__What is required__. Look through the entries below. Report each line that has the word "Terminator" in it.

(Source records)
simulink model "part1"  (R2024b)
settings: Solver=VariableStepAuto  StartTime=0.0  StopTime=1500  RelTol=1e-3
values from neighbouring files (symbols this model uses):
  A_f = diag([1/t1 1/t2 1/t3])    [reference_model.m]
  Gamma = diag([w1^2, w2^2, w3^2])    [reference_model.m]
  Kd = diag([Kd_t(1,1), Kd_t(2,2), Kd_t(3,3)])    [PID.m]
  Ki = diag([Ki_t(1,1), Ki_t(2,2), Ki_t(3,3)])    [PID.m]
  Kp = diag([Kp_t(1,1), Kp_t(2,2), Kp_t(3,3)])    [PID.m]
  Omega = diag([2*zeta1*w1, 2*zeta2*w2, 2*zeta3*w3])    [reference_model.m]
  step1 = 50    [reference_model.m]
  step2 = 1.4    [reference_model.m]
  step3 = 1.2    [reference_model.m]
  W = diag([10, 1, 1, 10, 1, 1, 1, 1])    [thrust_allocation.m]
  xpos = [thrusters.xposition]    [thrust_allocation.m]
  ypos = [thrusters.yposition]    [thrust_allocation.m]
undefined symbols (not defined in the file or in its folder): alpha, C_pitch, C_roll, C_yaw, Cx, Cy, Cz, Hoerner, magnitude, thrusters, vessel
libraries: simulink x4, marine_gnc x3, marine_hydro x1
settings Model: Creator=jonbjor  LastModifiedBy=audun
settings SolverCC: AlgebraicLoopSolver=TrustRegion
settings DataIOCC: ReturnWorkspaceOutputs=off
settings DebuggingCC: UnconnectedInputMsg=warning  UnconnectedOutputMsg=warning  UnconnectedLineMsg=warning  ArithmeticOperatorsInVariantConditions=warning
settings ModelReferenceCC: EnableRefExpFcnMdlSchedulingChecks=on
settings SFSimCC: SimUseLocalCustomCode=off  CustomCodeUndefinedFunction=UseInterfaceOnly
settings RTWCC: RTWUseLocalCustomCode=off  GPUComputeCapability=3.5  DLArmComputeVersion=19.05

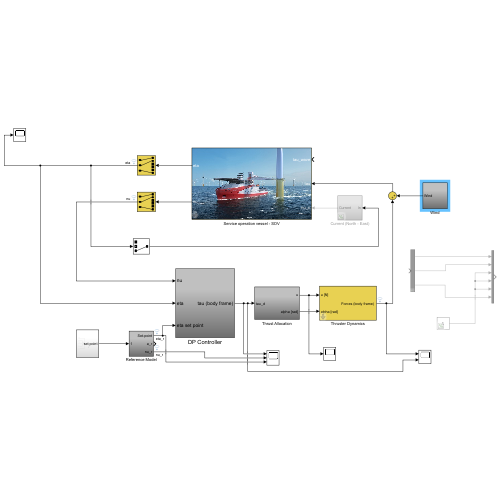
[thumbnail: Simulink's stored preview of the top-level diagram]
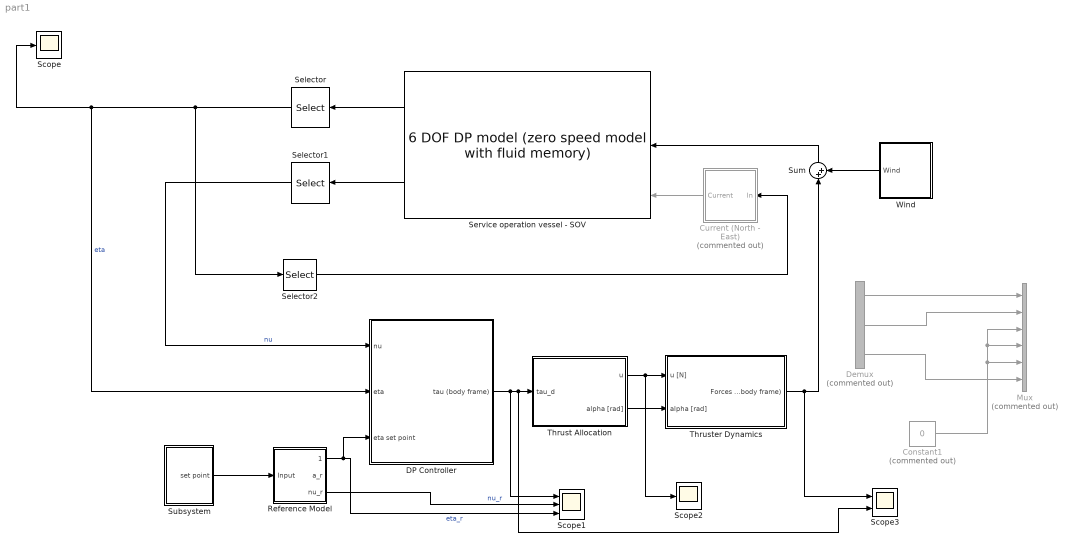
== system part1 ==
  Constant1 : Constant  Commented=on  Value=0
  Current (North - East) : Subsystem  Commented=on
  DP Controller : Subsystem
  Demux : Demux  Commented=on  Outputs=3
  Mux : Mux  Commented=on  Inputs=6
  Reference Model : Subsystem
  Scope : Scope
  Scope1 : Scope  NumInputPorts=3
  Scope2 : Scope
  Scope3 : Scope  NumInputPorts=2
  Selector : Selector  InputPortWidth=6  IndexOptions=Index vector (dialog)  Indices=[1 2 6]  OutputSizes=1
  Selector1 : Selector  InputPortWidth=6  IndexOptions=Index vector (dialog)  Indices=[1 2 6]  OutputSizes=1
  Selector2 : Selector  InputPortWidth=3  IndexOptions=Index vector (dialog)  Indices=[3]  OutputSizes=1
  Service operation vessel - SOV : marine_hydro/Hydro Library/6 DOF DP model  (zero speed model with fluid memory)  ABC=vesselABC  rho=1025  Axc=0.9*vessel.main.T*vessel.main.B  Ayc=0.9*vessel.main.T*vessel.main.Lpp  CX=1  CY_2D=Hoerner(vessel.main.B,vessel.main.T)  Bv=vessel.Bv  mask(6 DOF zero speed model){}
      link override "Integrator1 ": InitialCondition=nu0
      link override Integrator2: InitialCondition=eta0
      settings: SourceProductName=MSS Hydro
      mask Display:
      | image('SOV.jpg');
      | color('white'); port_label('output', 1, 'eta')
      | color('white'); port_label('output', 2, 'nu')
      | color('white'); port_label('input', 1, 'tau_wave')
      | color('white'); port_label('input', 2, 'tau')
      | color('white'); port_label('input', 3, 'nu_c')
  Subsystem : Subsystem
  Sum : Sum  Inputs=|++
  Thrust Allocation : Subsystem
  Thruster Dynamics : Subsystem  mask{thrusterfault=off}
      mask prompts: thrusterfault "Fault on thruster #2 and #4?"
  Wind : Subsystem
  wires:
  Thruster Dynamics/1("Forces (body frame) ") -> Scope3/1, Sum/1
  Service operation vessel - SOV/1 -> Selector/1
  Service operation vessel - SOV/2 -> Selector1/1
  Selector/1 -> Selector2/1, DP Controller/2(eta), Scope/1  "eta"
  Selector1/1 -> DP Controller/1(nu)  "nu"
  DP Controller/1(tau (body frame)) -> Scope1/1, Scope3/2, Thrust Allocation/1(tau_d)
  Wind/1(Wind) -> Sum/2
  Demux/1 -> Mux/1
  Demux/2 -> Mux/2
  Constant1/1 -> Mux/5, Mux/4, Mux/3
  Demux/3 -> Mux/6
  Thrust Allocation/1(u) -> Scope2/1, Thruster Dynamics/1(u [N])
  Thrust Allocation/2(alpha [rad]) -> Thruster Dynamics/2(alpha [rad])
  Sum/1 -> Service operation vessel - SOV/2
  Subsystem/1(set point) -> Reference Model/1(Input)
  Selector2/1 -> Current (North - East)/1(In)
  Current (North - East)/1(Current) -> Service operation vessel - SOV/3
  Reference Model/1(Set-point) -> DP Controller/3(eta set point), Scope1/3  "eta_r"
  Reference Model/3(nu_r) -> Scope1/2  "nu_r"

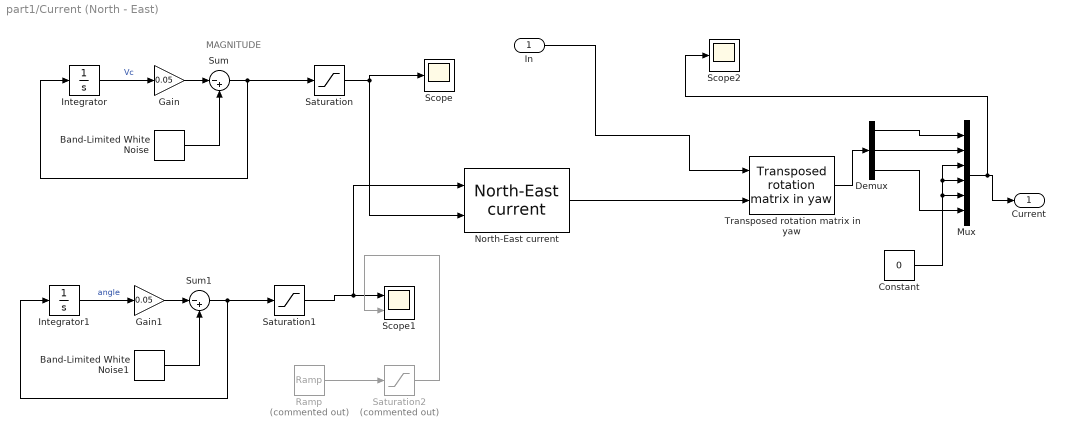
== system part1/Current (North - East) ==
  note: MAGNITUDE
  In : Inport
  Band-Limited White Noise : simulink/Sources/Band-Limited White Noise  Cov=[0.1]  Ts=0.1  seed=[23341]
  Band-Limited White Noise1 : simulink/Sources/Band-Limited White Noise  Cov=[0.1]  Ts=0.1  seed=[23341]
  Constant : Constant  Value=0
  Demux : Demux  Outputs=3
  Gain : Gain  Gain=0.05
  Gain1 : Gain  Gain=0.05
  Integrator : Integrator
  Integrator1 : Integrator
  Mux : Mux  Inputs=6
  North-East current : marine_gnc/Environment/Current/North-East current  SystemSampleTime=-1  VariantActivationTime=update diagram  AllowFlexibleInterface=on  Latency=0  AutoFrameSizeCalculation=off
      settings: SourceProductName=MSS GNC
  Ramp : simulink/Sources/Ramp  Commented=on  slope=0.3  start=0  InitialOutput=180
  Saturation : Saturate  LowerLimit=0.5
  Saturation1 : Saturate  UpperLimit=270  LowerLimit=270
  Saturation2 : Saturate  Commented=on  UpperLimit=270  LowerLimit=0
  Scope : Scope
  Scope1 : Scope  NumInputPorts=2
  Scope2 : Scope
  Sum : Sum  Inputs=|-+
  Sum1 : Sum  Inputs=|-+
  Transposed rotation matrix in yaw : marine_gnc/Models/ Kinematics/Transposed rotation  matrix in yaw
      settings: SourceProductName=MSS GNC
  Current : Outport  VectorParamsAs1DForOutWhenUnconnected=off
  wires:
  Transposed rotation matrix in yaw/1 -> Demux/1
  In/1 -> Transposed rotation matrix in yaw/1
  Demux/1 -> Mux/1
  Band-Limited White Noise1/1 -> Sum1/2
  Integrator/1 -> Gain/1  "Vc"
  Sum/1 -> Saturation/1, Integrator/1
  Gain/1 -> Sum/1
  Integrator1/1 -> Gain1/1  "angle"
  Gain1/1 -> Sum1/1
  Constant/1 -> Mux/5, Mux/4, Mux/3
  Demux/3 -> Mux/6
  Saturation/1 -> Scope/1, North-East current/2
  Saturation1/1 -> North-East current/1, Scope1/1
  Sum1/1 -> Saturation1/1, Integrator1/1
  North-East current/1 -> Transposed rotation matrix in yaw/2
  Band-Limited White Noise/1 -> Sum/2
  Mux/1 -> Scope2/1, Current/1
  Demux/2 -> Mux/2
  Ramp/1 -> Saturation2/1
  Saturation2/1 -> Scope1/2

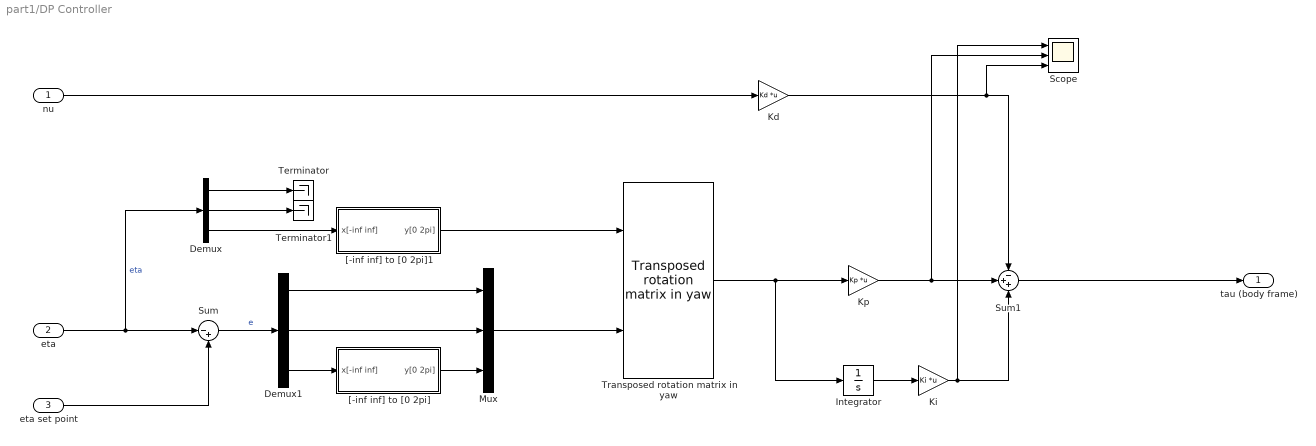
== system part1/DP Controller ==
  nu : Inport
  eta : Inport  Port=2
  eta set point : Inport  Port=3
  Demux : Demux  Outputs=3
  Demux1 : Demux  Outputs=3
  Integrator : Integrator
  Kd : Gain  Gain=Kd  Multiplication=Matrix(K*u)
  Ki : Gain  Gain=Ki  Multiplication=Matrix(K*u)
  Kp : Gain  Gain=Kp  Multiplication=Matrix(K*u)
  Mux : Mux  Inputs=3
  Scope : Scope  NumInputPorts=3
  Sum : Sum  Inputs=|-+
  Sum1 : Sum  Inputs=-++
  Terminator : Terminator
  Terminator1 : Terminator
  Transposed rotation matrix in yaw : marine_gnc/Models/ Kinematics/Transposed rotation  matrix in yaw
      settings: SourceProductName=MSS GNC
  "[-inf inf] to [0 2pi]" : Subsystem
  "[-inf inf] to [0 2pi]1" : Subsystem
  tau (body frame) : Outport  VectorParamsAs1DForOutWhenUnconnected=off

__Answer for this exercise__.
  Terminator : Terminator
  Terminator1 : Terminator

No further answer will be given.